Theory Guar

(*  Title:      ZF/UNITY/Guar.thy
    Author:     Sidi O Ehmety, Computer Laboratory
    Copyright   2001  University of Cambridge

Guarantees, etc.

From Chandy and Sanders, "Reasoning About Program Composition",
Technical Report 2000-003, University of Florida, 2000.

Revised by Sidi Ehmety on January 2001

Added ∈ Compatibility, weakest guarantees, etc.

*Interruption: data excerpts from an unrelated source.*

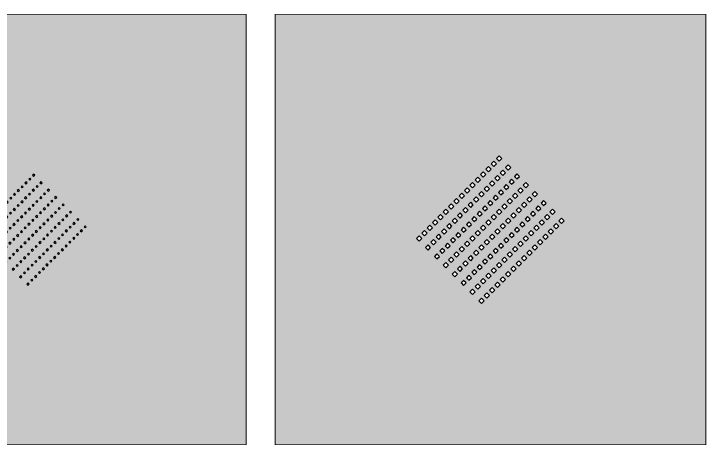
# Model space of a CAD drawing. Extents: x -11195 to 77029, y -42191 to 8336.
# Drawn here: x 33326 to 52601, y -14214 to -2204 of the extents above; entities that cross this region are included whole.
import ezdxf

# ---------------------------------------------------------------- set-up
doc = ezdxf.new("R2010")
doc.units = 13
doc.header["$MEASUREMENT"] = 0
doc.layers.add('L14D0 Au', color=2, linetype='Continuous')
doc.layers.add('L16D0 Col', color=254, linetype='Continuous')

# ---------------------------------------------------------------- blocks, each defined once
blk = doc.blocks.new('128.70.I')
at = {"layer": 'L14D0 Au'}
h = blk.add_hatch(color=256, dxfattribs=at)
h.dxf.hatch_style = 1
h.paths.add_polyline_path([(5217, 6696), (5173, 6652), (5217, 6608), (5261, 6652)], flags=16)
h.paths.add_polyline_path([(5111, 6590), (5067, 6546), (5111, 6502), (5155, 6546)], flags=16)
h.paths.add_polyline_path([(5005, 6484), (4961, 6440), (5005, 6396), (5048, 6440)], flags=16)
h.paths.add_polyline_path([(4899, 6378), (4855, 6334), (4899, 6290), (4942, 6334)], flags=16)
h.paths.add_polyline_path([(4792, 6272), (4749, 6228), (4792, 6184), (4836, 6228)], flags=16)
h.paths.add_polyline_path([(4686, 6166), (4643, 6122), (4686, 6078), (4730, 6122)], flags=16)
h.paths.add_polyline_path([(4580, 6060), (4537, 6016), (4580, 5972), (4624, 6016)], flags=16)
h.paths.add_polyline_path([(4474, 5954), (4430, 5910), (4474, 5866), (4518, 5910)], flags=16)
h.paths.add_polyline_path([(5422, 6491), (5378, 6447), (5422, 6403), (5466, 6447)], flags=16)
h.paths.add_polyline_path([(5316, 6385), (5272, 6341), (5316, 6297), (5360, 6341)], flags=16)
h.paths.add_polyline_path([(5210, 6279), (5166, 6235), (5210, 6191), (5254, 6235)], flags=16)
h.paths.add_polyline_path([(5104, 6173), (5060, 6129), (5104, 6085), (5147, 6129)], flags=16)
h.paths.add_polyline_path([(4998, 6067), (4954, 6023), (4998, 5979), (5041, 6023)], flags=16)
h.paths.add_polyline_path([(4891, 5961), (4848, 5917), (4891, 5873), (4935, 5917)], flags=16)
h.paths.add_polyline_path([(4785, 5855), (4742, 5811), (4785, 5767), (4829, 5811)], flags=16)
h.paths.add_polyline_path([(4679, 5748), (4636, 5705), (4679, 5661), (4723, 5705)], flags=16)
h.paths.add_polyline_path([(5627, 6286), (5583, 6242), (5627, 6198), (5671, 6242)], flags=16)
h.paths.add_polyline_path([(5521, 6180), (5477, 6136), (5521, 6092), (5565, 6136)], flags=16)
h.paths.add_polyline_path([(5415, 6074), (5371, 6030), (5415, 5986), (5459, 6030)], flags=16)
h.paths.add_polyline_path([(5309, 5968), (5265, 5924), (5309, 5880), (5353, 5924)], flags=16)
h.paths.add_polyline_path([(5203, 5862), (5159, 5818), (5203, 5774), (5246, 5818)], flags=16)
h.paths.add_polyline_path([(5097, 5756), (5053, 5712), (5097, 5668), (5140, 5712)], flags=16)
h.paths.add_polyline_path([(4990, 5650), (4947, 5606), (4990, 5562), (5034, 5606)], flags=16)
h.paths.add_polyline_path([(4884, 5543), (4841, 5500), (4884, 5456), (4928, 5500)], flags=16)
h.paths.add_polyline_path([(5832, 6081), (5788, 6037), (5832, 5993), (5876, 6037)], flags=16)
h.paths.add_polyline_path([(5726, 5975), (5682, 5931), (5726, 5887), (5770, 5931)], flags=16)
h.paths.add_polyline_path([(5620, 5869), (5576, 5825), (5620, 5781), (5664, 5825)], flags=16)
h.paths.add_polyline_path([(5514, 5763), (5470, 5719), (5514, 5675), (5558, 5719)], flags=16)
h.paths.add_polyline_path([(5408, 5657), (5364, 5613), (5408, 5569), (5452, 5613)], flags=16)
h.paths.add_polyline_path([(5302, 5551), (5258, 5507), (5302, 5463), (5345, 5507)], flags=16)
h.paths.add_polyline_path([(5196, 5444), (5152, 5401), (5196, 5357), (5239, 5401)], flags=16)
h.paths.add_polyline_path([(5089, 5338), (5046, 5295), (5089, 5251), (5133, 5295)], flags=16)
h.paths.add_polyline_path([(6652, 5173), (6696, 5217), (6652, 5261), (6608, 5217)], flags=16)
h.paths.add_polyline_path([(6546, 5067), (6590, 5111), (6546, 5155), (6502, 5111)], flags=16)
h.paths.add_polyline_path([(6440, 4961), (6484, 5005), (6440, 5048), (6396, 5005)], flags=16)
h.paths.add_polyline_path([(6334, 4855), (6378, 4899), (6334, 4942), (6290, 4899)], flags=16)
h.paths.add_polyline_path([(6228, 4749), (6272, 4792), (6228, 4836), (6184, 4792)], flags=16)
h.paths.add_polyline_path([(6122, 4643), (6166, 4686), (6122, 4730), (6078, 4686)], flags=16)
h.paths.add_polyline_path([(6016, 4537), (6060, 4580), (6016, 4624), (5972, 4580)], flags=16)
h.paths.add_polyline_path([(5910, 4430), (5954, 4474), (5910, 4518), (5866, 4474)], flags=16)
h.paths.add_polyline_path([(6447, 5378), (6491, 5422), (6447, 5466), (6403, 5422)], flags=16)
h.paths.add_polyline_path([(6341, 5272), (6385, 5316), (6341, 5360), (6297, 5316)], flags=16)
h.paths.add_polyline_path([(6235, 5166), (6279, 5210), (6235, 5254), (6191, 5210)], flags=16)
h.paths.add_polyline_path([(6129, 5060), (6173, 5104), (6129, 5147), (6085, 5104)], flags=16)
h.paths.add_polyline_path([(6023, 4954), (6067, 4998), (6023, 5041), (5979, 4998)], flags=16)
h.paths.add_polyline_path([(5917, 4848), (5961, 4891), (5917, 4935), (5873, 4891)], flags=16)
h.paths.add_polyline_path([(5811, 4742), (5855, 4785), (5811, 4829), (5767, 4785)], flags=16)
h.paths.add_polyline_path([(5705, 4636), (5748, 4679), (5705, 4723), (5661, 4679)], flags=16)
h.paths.add_polyline_path([(6242, 5583), (6286, 5627), (6242, 5671), (6198, 5627)], flags=16)
h.paths.add_polyline_path([(6136, 5477), (6180, 5521), (6136, 5565), (6092, 5521)], flags=16)
h.paths.add_polyline_path([(6030, 5371), (6074, 5415), (6030, 5459), (5986, 5415)], flags=16)
h.paths.add_polyline_path([(5924, 5265), (5968, 5309), (5924, 5353), (5880, 5309)], flags=16)
h.paths.add_polyline_path([(5818, 5159), (5862, 5203), (5818, 5246), (5774, 5203)], flags=16)
h.paths.add_polyline_path([(5712, 5053), (5756, 5097), (5712, 5140), (5668, 5097)], flags=16)
h.paths.add_polyline_path([(5606, 4947), (5650, 4990), (5606, 5034), (5562, 4990)], flags=16)
h.paths.add_polyline_path([(5500, 4841), (5543, 4884), (5500, 4928), (5456, 4884)], flags=16)
h.paths.add_polyline_path([(6037, 5788), (6081, 5832), (6037, 5876), (5993, 5832)], flags=16)
h.paths.add_polyline_path([(5931, 5682), (5975, 5726), (5931, 5770), (5887, 5726)], flags=16)
h.paths.add_polyline_path([(5825, 5576), (5869, 5620), (5825, 5664), (5781, 5620)], flags=16)
h.paths.add_polyline_path([(5719, 5470), (5763, 5514), (5719, 5558), (5675, 5514)], flags=16)
h.paths.add_polyline_path([(5613, 5364), (5657, 5408), (5613, 5452), (5569, 5408)], flags=16)
h.paths.add_polyline_path([(5507, 5258), (5551, 5302), (5507, 5345), (5463, 5302)], flags=16)
h.paths.add_polyline_path([(5401, 5152), (5444, 5196), (5401, 5239), (5357, 5196)], flags=16)
h.paths.add_polyline_path([(5295, 5046), (5338, 5089), (5295, 5133), (5251, 5089)], flags=16)
h.paths.add_polyline_path([(5323, 6802), (5279, 6758), (5323, 6714), (5367, 6758)], flags=16)
h.paths.add_polyline_path([(5429, 6908), (5385, 6864), (5429, 6820), (5473, 6864)], flags=16)
h.paths.add_polyline_path([(5535, 7014), (5491, 6970), (5535, 6927), (5579, 6970)], flags=16)
h.paths.add_polyline_path([(5641, 7120), (5597, 7076), (5641, 7033), (5685, 7076)], flags=16)
h.paths.add_polyline_path([(5747, 7226), (5703, 7183), (5747, 7139), (5791, 7183)], flags=16)
h.paths.add_polyline_path([(5853, 7332), (5809, 7289), (5853, 7245), (5897, 7289)], flags=16)
h.paths.add_polyline_path([(5959, 7438), (5915, 7395), (5959, 7351), (6003, 7395)], flags=16)
h.paths.add_polyline_path([(6065, 7545), (6021, 7501), (6065, 7457), (6109, 7501)], flags=16)
h.paths.add_polyline_path([(5528, 6597), (5484, 6553), (5528, 6509), (5572, 6553)], flags=16)
h.paths.add_polyline_path([(5634, 6703), (5590, 6659), (5634, 6615), (5678, 6659)], flags=16)
h.paths.add_polyline_path([(5740, 6809), (5696, 6765), (5740, 6721), (5784, 6765)], flags=16)
h.paths.add_polyline_path([(5846, 6915), (5802, 6871), (5846, 6828), (5890, 6871)], flags=16)
h.paths.add_polyline_path([(5952, 7021), (5908, 6977), (5952, 6934), (5996, 6977)], flags=16)
h.paths.add_polyline_path([(6058, 7127), (6014, 7084), (6058, 7040), (6102, 7084)], flags=16)
h.paths.add_polyline_path([(6164, 7233), (6120, 7190), (6164, 7146), (6208, 7190)], flags=16)
h.paths.add_polyline_path([(6270, 7339), (6227, 7296), (6270, 7252), (6314, 7296)], flags=16)
h.paths.add_polyline_path([(5733, 6392), (5689, 6348), (5733, 6304), (5777, 6348)], flags=16)
h.paths.add_polyline_path([(5839, 6498), (5795, 6454), (5839, 6410), (5883, 6454)], flags=16)
h.paths.add_polyline_path([(5945, 6604), (5901, 6560), (5945, 6516), (5989, 6560)], flags=16)
h.paths.add_polyline_path([(6051, 6710), (6007, 6666), (6051, 6622), (6095, 6666)], flags=16)
h.paths.add_polyline_path([(6157, 6816), (6113, 6772), (6157, 6729), (6201, 6772)], flags=16)
h.paths.add_polyline_path([(6263, 6922), (6219, 6878), (6263, 6835), (6307, 6878)], flags=16)
h.paths.add_polyline_path([(6369, 7028), (6325, 6985), (6369, 6941), (6413, 6985)], flags=16)
h.paths.add_polyline_path([(6475, 7134), (6432, 7091), (6475, 7047), (6519, 7091)], flags=16)
h.paths.add_polyline_path([(5938, 6187), (5894, 6143), (5938, 6099), (5982, 6143)], flags=16)
h.paths.add_polyline_path([(6044, 6293), (6000, 6249), (6044, 6205), (6088, 6249)], flags=16)
h.paths.add_polyline_path([(6150, 6399), (6106, 6355), (6150, 6311), (6194, 6355)], flags=16)
h.paths.add_polyline_path([(6256, 6505), (6212, 6461), (6256, 6417), (6300, 6461)], flags=16)
h.paths.add_polyline_path([(6362, 6611), (6318, 6567), (6362, 6523), (6406, 6567)], flags=16)
h.paths.add_polyline_path([(6468, 6717), (6424, 6673), (6468, 6630), (6512, 6673)], flags=16)
h.paths.add_polyline_path([(6574, 6823), (6531, 6779), (6574, 6736), (6618, 6779)], flags=16)
h.paths.add_polyline_path([(6680, 6929), (6637, 6886), (6680, 6842), (6724, 6886)], flags=16)
h.paths.add_polyline_path([(6758, 5279), (6802, 5323), (6758, 5367), (6714, 5323)], flags=16)
h.paths.add_polyline_path([(6864, 5385), (6908, 5429), (6864, 5473), (6820, 5429)], flags=16)
h.paths.add_polyline_path([(6970, 5491), (7014, 5535), (6970, 5579), (6927, 5535)], flags=16)
h.paths.add_polyline_path([(7076, 5597), (7120, 5641), (7076, 5685), (7033, 5641)], flags=16)
h.paths.add_polyline_path([(7183, 5703), (7226, 5747), (7183, 5791), (7139, 5747)], flags=16)
h.paths.add_polyline_path([(7289, 5809), (7332, 5853), (7289, 5897), (7245, 5853)], flags=16)
h.paths.add_polyline_path([(7395, 5915), (7438, 5959), (7395, 6003), (7351, 5959)], flags=16)
h.paths.add_polyline_path([(7501, 6021), (7545, 6065), (7501, 6109), (7457, 6065)], flags=16)
h.paths.add_polyline_path([(6553, 5484), (6597, 5528), (6553, 5572), (6509, 5528)], flags=16)
h.paths.add_polyline_path([(6659, 5590), (6703, 5634), (6659, 5678), (6615, 5634)], flags=16)
h.paths.add_polyline_path([(6765, 5696), (6809, 5740), (6765, 5784), (6721, 5740)], flags=16)
h.paths.add_polyline_path([(6871, 5802), (6915, 5846), (6871, 5890), (6828, 5846)], flags=16)
h.paths.add_polyline_path([(6977, 5908), (7021, 5952), (6977, 5996), (6934, 5952)], flags=16)
h.paths.add_polyline_path([(7084, 6014), (7127, 6058), (7084, 6102), (7040, 6058)], flags=16)
h.paths.add_polyline_path([(7190, 6120), (7233, 6164), (7190, 6208), (7146, 6164)], flags=16)
h.paths.add_polyline_path([(7296, 6227), (7339, 6270), (7296, 6314), (7252, 6270)], flags=16)
h.paths.add_polyline_path([(6348, 5689), (6392, 5733), (6348, 5777), (6304, 5733)], flags=16)
h.paths.add_polyline_path([(6454, 5795), (6498, 5839), (6454, 5883), (6410, 5839)], flags=16)
h.paths.add_polyline_path([(6560, 5901), (6604, 5945), (6560, 5989), (6516, 5945)], flags=16)
h.paths.add_polyline_path([(6666, 6007), (6710, 6051), (6666, 6095), (6622, 6051)], flags=16)
h.paths.add_polyline_path([(6772, 6113), (6816, 6157), (6772, 6201), (6729, 6157)], flags=16)
h.paths.add_polyline_path([(6878, 6219), (6922, 6263), (6878, 6307), (6835, 6263)], flags=16)
h.paths.add_polyline_path([(6985, 6325), (7028, 6369), (6985, 6413), (6941, 6369)], flags=16)
h.paths.add_polyline_path([(7091, 6432), (7134, 6475), (7091, 6519), (7047, 6475)], flags=16)
h.paths.add_polyline_path([(6143, 5894), (6187, 5938), (6143, 5982), (6099, 5938)], flags=16)
h.paths.add_polyline_path([(6249, 6000), (6293, 6044), (6249, 6088), (6205, 6044)], flags=16)
h.paths.add_polyline_path([(6355, 6106), (6399, 6150), (6355, 6194), (6311, 6150)], flags=16)
h.paths.add_polyline_path([(6461, 6212), (6505, 6256), (6461, 6300), (6417, 6256)], flags=16)
h.paths.add_polyline_path([(6567, 6318), (6611, 6362), (6567, 6406), (6523, 6362)], flags=16)
h.paths.add_polyline_path([(6673, 6424), (6717, 6468), (6673, 6512), (6630, 6468)], flags=16)
h.paths.add_polyline_path([(6779, 6531), (6823, 6574), (6779, 6618), (6736, 6574)], flags=16)
h.paths.add_polyline_path([(6886, 6637), (6929, 6680), (6886, 6724), (6842, 6680)], flags=16)
h.paths.add_polyline_path([(10, 10), (10, 11975), (11975, 11975), (11975, 10)])
at = {"layer": 'L16D0 Col', "const_width": 25}
blk.add_lwpolyline([(11985, 0), (0, 0), (0, 11985), (11985, 11985)], close=True, dxfattribs=at)
at = {"layer": 'L16D0 Col'}
for points in [[(6095, 7501), (6065, 7530), (6036, 7501), (6065, 7471)], [(5989, 7395), (5959, 7424), (5930, 7395), (5959, 7365)], [(6300, 7296), (6270, 7325), (6241, 7296), (6270, 7266)], [(5777, 7183), (5747, 7212), (5717, 7183), (5747, 7153)], [(5883, 7289), (5853, 7318), (5823, 7289), (5853, 7259)], [(6194, 7190), (6164, 7219), (6135, 7190), (6164, 7160)], [(5565, 6970), (5535, 7000), (5505, 6970), (5535, 6941)], [(5671, 7076), (5641, 7106), (5611, 7076), (5641, 7047)], [(5982, 6977), (5952, 7007), (5922, 6977), (5952, 6948)], [(6088, 7084), (6058, 7113), (6029, 7084), (6058, 7054)], [(6399, 6985), (6369, 7014), (6340, 6985), (6369, 6955)], [(6505, 7091), (6475, 7120), (6446, 7091), (6475, 7061)], [(5353, 6758), (5323, 6788), (5293, 6758), (5323, 6729)], [(5459, 6864), (5429, 6894), (5399, 6864), (5429, 6835)], [(5770, 6765), (5740, 6795), (5710, 6765), (5740, 6736)], [(5876, 6871), (5846, 6901), (5816, 6871), (5846, 6842)], [(6187, 6772), (6157, 6802), (6128, 6772), (6157, 6743)], [(6293, 6878), (6263, 6908), (6234, 6878), (6263, 6849)], [(6604, 6779), (6574, 6809), (6545, 6779), (6574, 6750)], [(6710, 6886), (6680, 6915), (6651, 6886), (6680, 6856)], [(5140, 6546), (5111, 6576), (5081, 6546), (5111, 6516)], [(5246, 6652), (5217, 6682), (5187, 6652), (5217, 6622)], [(5558, 6553), (5528, 6583), (5498, 6553), (5528, 6523)], [(5664, 6659), (5634, 6689), (5604, 6659), (5634, 6630)], [(5975, 6560), (5945, 6590), (5915, 6560), (5945, 6531)], [(6081, 6666), (6051, 6696), (6021, 6666), (6051, 6637)], [(6392, 6567), (6362, 6597), (6333, 6567), (6362, 6538)], [(6498, 6673), (6468, 6703), (6439, 6673), (6468, 6644)], [(6750, 6574), (6779, 6545), (6809, 6574), (6779, 6604)], [(6856, 6680), (6886, 6651), (6915, 6680), (6886, 6710)], [(4928, 6334), (4899, 6364), (4869, 6334), (4899, 6304)], [(5034, 6440), (5005, 6470), (4975, 6440), (5005, 6410)], [(5345, 6341), (5316, 6371), (5286, 6341), (5316, 6311)], [(5452, 6447), (5422, 6477), (5392, 6447), (5422, 6417)], [(5763, 6348), (5733, 6378), (5703, 6348), (5733, 6318)], [(5869, 6454), (5839, 6484), (5809, 6454), (5839, 6424)], [(6180, 6355), (6150, 6385), (6120, 6355), (6150, 6325)], [(6286, 6461), (6256, 6491), (6227, 6461), (6256, 6432)], [(6538, 6362), (6567, 6333), (6597, 6362), (6567, 6392)], [(6644, 6468), (6673, 6439), (6703, 6468), (6673, 6498)], [(6955, 6369), (6985, 6340), (7014, 6369), (6985, 6399)], [(7061, 6475), (7091, 6446), (7120, 6475), (7091, 6505)], [(4822, 6228), (4792, 6258), (4763, 6228), (4792, 6198)], [(5239, 6235), (5210, 6265), (5180, 6235), (5210, 6205)], [(5657, 6242), (5627, 6272), (5597, 6242), (5627, 6212)], [(5968, 6143), (5938, 6173), (5908, 6143), (5938, 6113)], [(6074, 6249), (6044, 6279), (6014, 6249), (6044, 6219)], [(6325, 6150), (6355, 6120), (6385, 6150), (6355, 6180)], [(6432, 6256), (6461, 6227), (6491, 6256), (6461, 6286)], [(6743, 6157), (6772, 6128), (6802, 6157), (6772, 6187)], [(6849, 6263), (6878, 6234), (6908, 6263), (6878, 6293)], [(7160, 6164), (7190, 6135), (7219, 6164), (7190, 6194)], [(7266, 6270), (7296, 6241), (7325, 6270), (7296, 6300)], [(4610, 6016), (4580, 6045), (4551, 6016), (4580, 5986)], [(4716, 6122), (4686, 6152), (4657, 6122), (4686, 6092)], [(5027, 6023), (4998, 6053), (4968, 6023), (4998, 5993)], [(5133, 6129), (5104, 6159), (5074, 6129), (5104, 6099)], [(5444, 6030), (5415, 6060), (5385, 6030), (5415, 6000)], [(5551, 6136), (5521, 6166), (5491, 6136), (5521, 6106)], [(5862, 6037), (5832, 6067), (5802, 6037), (5832, 6007)], [(6219, 6044), (6249, 6014), (6279, 6044), (6249, 6074)], [(6637, 6051), (6666, 6021), (6696, 6051), (6666, 6081)], [(6948, 5952), (6977, 5922), (7007, 5952), (6977, 5982)], [(7054, 6058), (7084, 6029), (7113, 6058), (7084, 6088)], [(7365, 5959), (7395, 5930), (7424, 5959), (7395, 5989)], [(7471, 6065), (7501, 6036), (7530, 6065), (7501, 6095)], [(4504, 5910), (4474, 5939), (4445, 5910), (4474, 5880)], [(4815, 5811), (4785, 5840), (4756, 5811), (4785, 5781)], [(4921, 5917), (4891, 5946), (4862, 5917), (4891, 5887)], [(5232, 5818), (5203, 5847), (5173, 5818), (5203, 5788)], [(5338, 5924), (5309, 5954), (5279, 5924), (5309, 5894)], [(5650, 5825), (5620, 5855), (5590, 5825), (5620, 5795)], [(5756, 5931), (5726, 5961), (5696, 5931), (5726, 5901)], [(6007, 5832), (6037, 5802), (6067, 5832), (6037, 5862)], [(6113, 5938), (6143, 5908), (6173, 5938), (6143, 5968)], [(6424, 5839), (6454, 5809), (6484, 5839), (6454, 5869)], [(6531, 5945), (6560, 5915), (6590, 5945), (6560, 5975)], [(6842, 5846), (6871, 5816), (6901, 5846), (6871, 5876)], [(7259, 5853), (7289, 5823), (7318, 5853), (7289, 5883)], [(4709, 5705), (4679, 5734), (4650, 5705), (4679, 5675)], [(5020, 5606), (4990, 5635), (4961, 5606), (4990, 5576)], [(5126, 5712), (5097, 5741), (5067, 5712), (5097, 5682)], [(5437, 5613), (5408, 5642), (5378, 5613), (5408, 5583)], [(5543, 5719), (5514, 5748), (5484, 5719), (5514, 5689)], [(5795, 5620), (5825, 5590), (5855, 5620), (5825, 5650)], [(5901, 5726), (5931, 5696), (5961, 5726), (5931, 5756)], [(6212, 5627), (6242, 5597), (6272, 5627), (6242, 5657)], [(6318, 5733), (6348, 5703), (6378, 5733), (6348, 5763)], [(6630, 5634), (6659, 5604), (6689, 5634), (6659, 5664)], [(6736, 5740), (6765, 5710), (6795, 5740), (6765, 5770)], [(7047, 5641), (7076, 5611), (7106, 5641), (7076, 5671)], [(7153, 5747), (7183, 5717), (7212, 5747), (7183, 5777)], [(4914, 5500), (4884, 5529), (4855, 5500), (4884, 5470)], [(5225, 5401), (5196, 5430), (5166, 5401), (5196, 5371)], [(5331, 5507), (5302, 5536), (5272, 5507), (5302, 5477)], [(5583, 5408), (5613, 5378), (5642, 5408), (5613, 5437)], [(5689, 5514), (5719, 5484), (5748, 5514), (5719, 5543)], [(6000, 5415), (6030, 5385), (6060, 5415), (6030, 5444)], [(6106, 5521), (6136, 5491), (6166, 5521), (6136, 5551)], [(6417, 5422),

and Weakest existential property,
from Charpentier and Chandy "Theorems about Composition",
Fifth International Conference on Mathematics of Program, 2000.

Theory ported from HOL.
*)


section‹The Chandy-Sanders Guarantees Operator›

theory Guar imports Comp begin 


(* To be moved to theory WFair???? *)
lemma leadsTo_Basis': "⟦F ∈ A co A ∪ B; F ∈ transient(A); st_set(B)⟧ ⟹ F ∈ A ⟼ B"
apply (frule constrainsD2)
apply (drule_tac B = "A-B" in constrains_weaken_L, blast) 
apply (drule_tac B = "A-B" in transient_strengthen, blast) 
apply (blast intro: ensuresI [THEN leadsTo_Basis])
done


  (*Existential and Universal properties.  We formalize the two-program
    case, proving equivalence with Chandy and Sanders's n-ary definitions*)

definition
   ex_prop :: "i ⇒ o"  where
   "ex_prop(X) ≡ X<=program ∧
    (∀F ∈ program. ∀G ∈ program. F ok G ⟶ F ∈ X | G ∈ X ⟶ (F ⊔ G) ∈ X)"

definition
  strict_ex_prop  :: "i ⇒ o"  where
  "strict_ex_prop(X) ≡ X<=program ∧
   (∀F ∈ program. ∀G ∈ program. F ok G ⟶ (F ∈ X | G ∈ X) ⟷ (F ⊔ G ∈ X))"

definition
  uv_prop  :: "i ⇒ o"  where
   "uv_prop(X) ≡ X<=program ∧
    (SKIP ∈ X ∧ (∀F ∈ program. ∀G ∈ program. F ok G ⟶ F ∈ X ∧ G ∈ X ⟶ (F ⊔ G) ∈ X))"
  
definition
 strict_uv_prop  :: "i ⇒ o"  where
   "strict_uv_prop(X) ≡ X<=program ∧
    (SKIP ∈ X ∧ (∀F ∈ program. ∀G ∈ program. F ok G ⟶(F ∈ X ∧ G ∈ X) ⟷ (F ⊔ G ∈ X)))"

definition
  guar :: "[i, i] ⇒ i" (infixl ‹guarantees› 55)  where
              (*higher than membership, lower than Co*)
  "X guarantees Y ≡ {F ∈ program. ∀G ∈ program. F ok G ⟶ F ⊔ G ∈ X ⟶ F ⊔ G ∈ Y}"
  
definition
  (* Weakest guarantees *)
   wg :: "[i,i] ⇒ i"  where
  "wg(F,Y) ≡ ⋃({X ∈ Pow(program). F:(X guarantees Y)})"

definition
  (* Weakest existential property stronger than X *)
   wx :: "i ⇒i"  where
   "wx(X) ≡ ⋃({Y ∈ Pow(program). Y<=X ∧ ex_prop(Y)})"

definition
  (*Ill-defined programs can arise through "⊔"*)
  welldef :: i  where
  "welldef ≡ {F ∈ program. Init(F) ≠ 0}"
  
definition
  refines :: "[i, i, i] ⇒ o" (‹(3_ refines _ wrt _)› [10,10,10] 10)  where
  "G refines F wrt X ≡
   ∀H ∈ program. (F ok H  ∧ G ok H ∧ F ⊔ H ∈ welldef ∩ X)
    ⟶ (G ⊔ H ∈ welldef ∩ X)"

definition
  iso_refines :: "[i,i, i] ⇒ o"  (‹(3_ iso'_refines _ wrt _)› [10,10,10] 10)  where
  "G iso_refines F wrt X ≡  F ∈ welldef ∩ X ⟶ G ∈ welldef ∩ X"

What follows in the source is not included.